■ **PROBLEM DESCRIPTION**: Since only the text is wanted, print every entry below exactly and omit the images.

┌─ THE INPUT

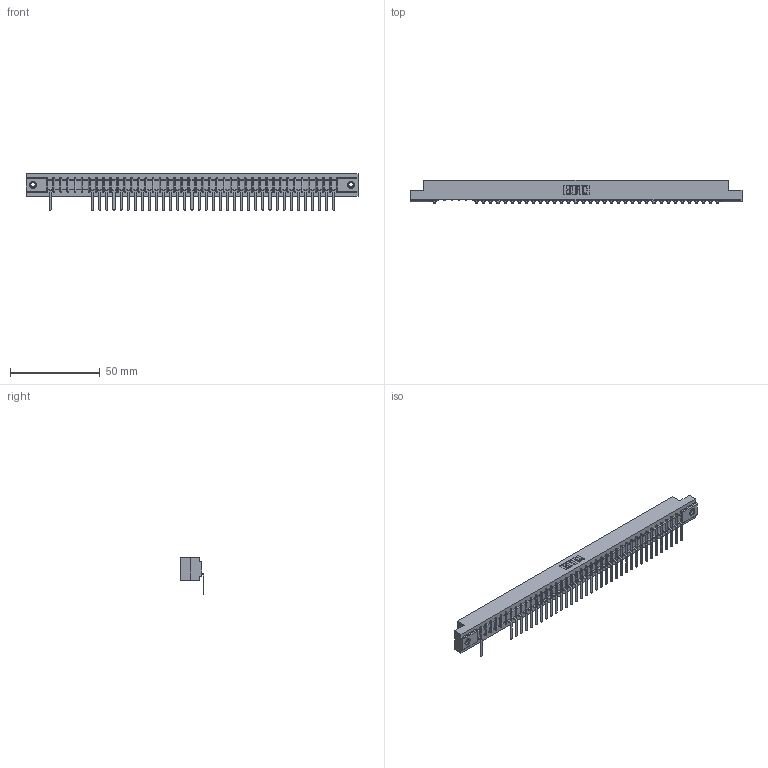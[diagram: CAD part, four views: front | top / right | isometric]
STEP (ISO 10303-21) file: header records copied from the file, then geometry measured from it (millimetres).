
FILE_DESCRIPTION (( 'STEP AP203' ), '1' );
FILE_NAME ('357-041-557-107.STEP', '2018-08-11T07:26:05', ( '' ), ( '' ), 'SwSTEP 2.0', 'SolidWorks 2016', '' );
FILE_SCHEMA (( 'CONFIG_CONTROL_DESIGN' ));
Length unit declared in the file: inch
Products named in the file (4): 345-250-001_345-250-005-103; 357-041-557-107; 307 Part_.156 Dia Mounting Holes; 307-290-002_557
Assembly tree (39 placements, depth 2):
  357-041-557-107
    307 Part_.156 Dia Mounting Holes
    307-290-002_557  x36
    345-250-001_345-250-005-103  x2
Bounding box: 185.47 x 13.32 x 20.66 mm (x, y, z)
Volume: 19779.2 mm3; surface area: 24584.8 mm2
Topology: 39 solids, 39 shells, 3128 faces, 9563 edges, 6254 vertices
Faces by surface type: plane 1854, cylinder 1174, sphere 84, cone 12, torus 4
Entity records: 37151 total; most frequent: CARTESIAN_POINT 6270, ORIENTED_EDGE 6258, DIRECTION 6097, EDGE_CURVE 3129, LINE 2395, VECTOR 2395, VERTEX_POINT 2024, AXIS2_PLACEMENT_3D 1851
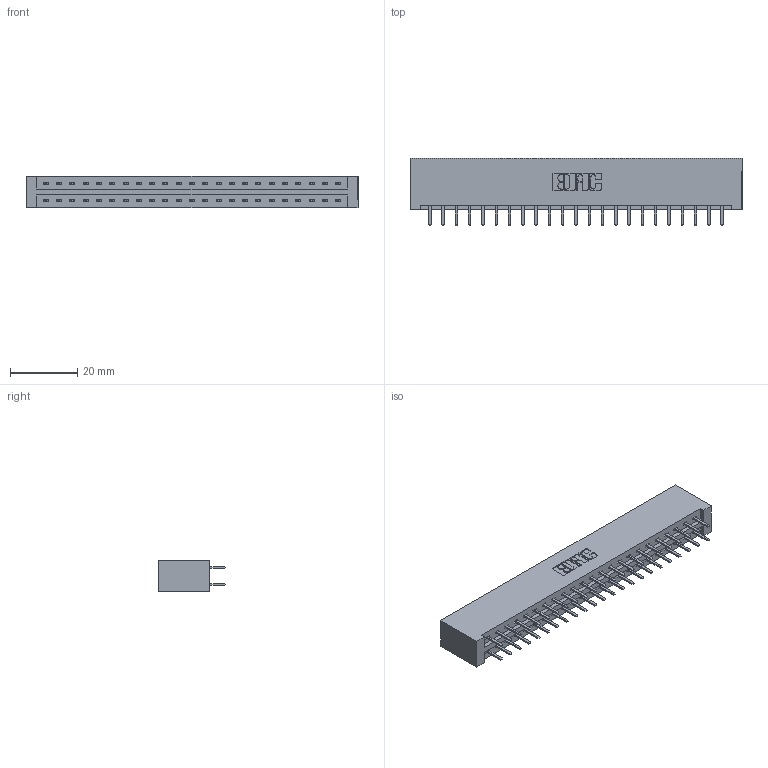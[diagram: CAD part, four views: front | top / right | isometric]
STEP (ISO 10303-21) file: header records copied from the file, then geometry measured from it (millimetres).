
FILE_DESCRIPTION (( 'STEP AP203' ), '1' );
FILE_NAME ('337-046-520-201.STEP', '2019-10-09T13:36:12', ( '' ), ( '' ), 'SwSTEP 2.0', 'SolidWorks 2016', '' );
FILE_SCHEMA (( 'CONFIG_CONTROL_DESIGN' ));
Length unit declared in the file: inch
Products named in the file (3): 345-292-001_345-293-120; 337 Part_No Mounting Lugs; 337-046-520-201
Assembly tree (47 placements, depth 2):
  337-046-520-201
    337 Part_No Mounting Lugs
    345-292-001_345-293-120  x46
Bounding box: 99.01 x 20.02 x 9.4 mm (x, y, z)
Volume: 10922 mm3; surface area: 12161.2 mm2
Topology: 47 solids, 47 shells, 2774 faces, 8061 edges, 5250 vertices
Faces by surface type: plane 1906, cylinder 868
Entity records: 20127 total; most frequent: CARTESIAN_POINT 3418, ORIENTED_EDGE 3342, DIRECTION 2923, EDGE_CURVE 1671, LINE 1547, VECTOR 1547, VERTEX_POINT 1110, AXIS2_PLACEMENT_3D 688

└─

■ **WRITTEN SOLUTION**:
[diagram: CAD part, four views: front | top / right | isometric]
STEP (ISO 10303-21) file: header records copied from the file, then geometry measured from it (millimetres).
FILE_DESCRIPTION (( 'STEP AP203' ), '1' );
FILE_NAME ('357-041-557-107.STEP', '2018-08-11T07:26:05', ( '' ), ( '' ), 'SwSTEP 2.0', 'SolidWorks 2016', '' );
FILE_SCHEMA (( 'CONFIG_CONTROL_DESIGN' ));
Length unit declared in the file: inch
Products named in the file (4): 345-250-001_345-250-005-103; 357-041-557-107; 307 Part_.156 Dia Mounting Holes; 307-290-002_557
Assembly tree (39 placements, depth 2):
  357-041-557-107
    307 Part_.156 Dia Mounting Holes
    307-290-002_557  x36
    345-250-001_345-250-005-103  x2
Bounding box: 185.47 x 13.32 x 20.66 mm (x, y, z)
Volume: 19779.2 mm3; surface area: 24584.8 mm2
Topology: 39 solids, 39 shells, 3128 faces, 9563 edges, 6254 vertices
Faces by surface type: plane 1854, cylinder 1174, sphere 84, cone 12, torus 4
Entity records: 37151 total; most frequent: CARTESIAN_POINT 6270, ORIENTED_EDGE 6258, DIRECTION 6097, EDGE_CURVE 3129, LINE 2395, VECTOR 2395, VERTEX_POINT 2024, AXIS2_PLACEMENT_3D 1851
[diagram: CAD part, four views: front | top / right | isometric]
STEP (ISO 10303-21) file: header records copied from the file, then geometry measured from it (millimetres).
FILE_DESCRIPTION (( 'STEP AP203' ), '1' );
FILE_NAME ('337-046-520-201.STEP', '2019-10-09T13:36:12', ( '' ), ( '' ), 'SwSTEP 2.0', 'SolidWorks 2016', '' );
FILE_SCHEMA (( 'CONFIG_CONTROL_DESIGN' ));
Length unit declared in the file: inch
Products named in the file (3): 345-292-001_345-293-120; 337 Part_No Mounting Lugs; 337-046-520-201
Assembly tree (47 placements, depth 2):
  337-046-520-201
    337 Part_No Mounting Lugs
    345-292-001_345-293-120  x46
Bounding box: 99.01 x 20.02 x 9.4 mm (x, y, z)
Volume: 10922 mm3; surface area: 12161.2 mm2
Topology: 47 solids, 47 shells, 2774 faces, 8061 edges, 5250 vertices
Faces by surface type: plane 1906, cylinder 868
Entity records: 20127 total; most frequent: CARTESIAN_POINT 3418, ORIENTED_EDGE 3342, DIRECTION 2923, EDGE_CURVE 1671, LINE 1547, VECTOR 1547, VERTEX_POINT 1110, AXIS2_PLACEMENT_3D 688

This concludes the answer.